# Mexipedium xerophyticum Flasking....



## John Boy (May 13, 2013)

Haaa! You’re wrong!!!​
This *isn’t you’re usual* post, where someone is trying to source flask of a certain, well known little creature from Mexico, where she’s extinct by now. This time I can report: I’ve done it. 

*In case you wonder what’s going on by now, puzzled by all these pictures, which noone did expect… let me talk you through the back-story.*

When I started breeding orchids with a purpose, and had sort of an idea about the subject, I was 12 or 13 years old. I’m 40 these days, and Mexipedium xerophyticum was on my radar, ever since I remember. I can remember the first stories of a “tiny Sipper Orchid” having been fond in a remote part of Mexico, I remember the years in-between not owning a plant, and I do recall when finally I got my first piece from Popow Orchids, back in the day when we were all young and hopeful. 
Pretty much 2 years into killing my first few Phals and Cattleyas I decided, that I wanted more out of the hobby, possibly make orchids into a living, but certainly wanting to get my own flasking done. And thus it went, I flooded my mum’s kitchen more often than I care to admit, I bred mould, and more mould, and eventually got to the point, where I could produce decent flasks, in a kitchen environment. Cattleyas, Disas, Phalaenopsis…Masdevallias as well as some Draculas. You name it.
With time came my first laminar air-flow bench and I got more and more professional about things. A few years later I did start getting into Paphiopedilum (sowing), which was sort of the holy grail of sowing orchids, and to some extend it still is today. With success came higher targets. I did get to sow Paph. rothschildianum as well as sanderianum very!!! early on, and things worked fine. When I started to consider Mexipedium flasking though, I reached a frustrating peak, which I couldn’t work out how to do. The first issue is getting a plant pollinated, and to get it, to make a pod.
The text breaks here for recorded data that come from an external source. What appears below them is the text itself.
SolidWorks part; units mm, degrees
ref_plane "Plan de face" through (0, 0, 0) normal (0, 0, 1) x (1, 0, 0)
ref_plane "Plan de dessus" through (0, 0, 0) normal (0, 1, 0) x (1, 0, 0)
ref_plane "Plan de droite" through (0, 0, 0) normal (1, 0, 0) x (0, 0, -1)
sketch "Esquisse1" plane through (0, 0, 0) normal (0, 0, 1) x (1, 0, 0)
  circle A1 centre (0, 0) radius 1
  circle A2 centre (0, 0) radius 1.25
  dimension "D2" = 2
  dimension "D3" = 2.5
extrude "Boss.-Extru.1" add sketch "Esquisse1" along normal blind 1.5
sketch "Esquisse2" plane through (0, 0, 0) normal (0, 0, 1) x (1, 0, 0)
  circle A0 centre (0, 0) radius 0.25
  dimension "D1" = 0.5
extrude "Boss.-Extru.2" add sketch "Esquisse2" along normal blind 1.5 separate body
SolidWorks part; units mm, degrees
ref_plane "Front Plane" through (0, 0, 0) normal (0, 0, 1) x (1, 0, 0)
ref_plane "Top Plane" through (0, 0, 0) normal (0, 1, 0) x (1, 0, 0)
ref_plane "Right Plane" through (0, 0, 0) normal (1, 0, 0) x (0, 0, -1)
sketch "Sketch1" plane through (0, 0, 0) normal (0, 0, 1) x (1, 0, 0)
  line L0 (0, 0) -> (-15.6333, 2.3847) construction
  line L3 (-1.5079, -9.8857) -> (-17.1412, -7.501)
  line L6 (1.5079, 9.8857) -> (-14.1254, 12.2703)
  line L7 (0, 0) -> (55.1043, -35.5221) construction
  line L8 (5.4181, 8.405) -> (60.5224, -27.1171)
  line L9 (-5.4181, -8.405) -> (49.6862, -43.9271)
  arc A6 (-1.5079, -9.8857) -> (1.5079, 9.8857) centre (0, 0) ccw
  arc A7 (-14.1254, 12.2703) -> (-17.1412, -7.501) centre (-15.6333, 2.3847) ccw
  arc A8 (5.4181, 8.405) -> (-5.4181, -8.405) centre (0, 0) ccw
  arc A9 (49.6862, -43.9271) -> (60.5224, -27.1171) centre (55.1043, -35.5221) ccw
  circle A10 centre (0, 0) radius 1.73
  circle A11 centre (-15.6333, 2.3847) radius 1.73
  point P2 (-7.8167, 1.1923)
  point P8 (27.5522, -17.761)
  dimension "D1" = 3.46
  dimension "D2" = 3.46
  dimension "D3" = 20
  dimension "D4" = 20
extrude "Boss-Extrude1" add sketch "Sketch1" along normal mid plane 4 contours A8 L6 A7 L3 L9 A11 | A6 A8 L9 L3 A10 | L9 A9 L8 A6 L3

This is major trouble to start with.
*You try and pollinate a xerophyticum flower, and produce a Mexipedium pod, I dare you!* 
Over years, *indeed many* years I did try. I had other people try. I tried some more. At the end of it: I couldn’t even produce a pod! Around 10 years ago a friend in the U.K. did ring me late at night, telling me about a pod, he had on one of his plants. 2 days later I drove down to Cornwall, hoping to harvest a pod of what had become my breeder’s nemesis. We did harvest the pod. Cutting it open in the bench it turned out to be empty. I was gutted. I was at that point basically excepting, that I couldn’t do it myself, and given that I’ve never ever seen or heard about others having been successful….. I turned my back on the species.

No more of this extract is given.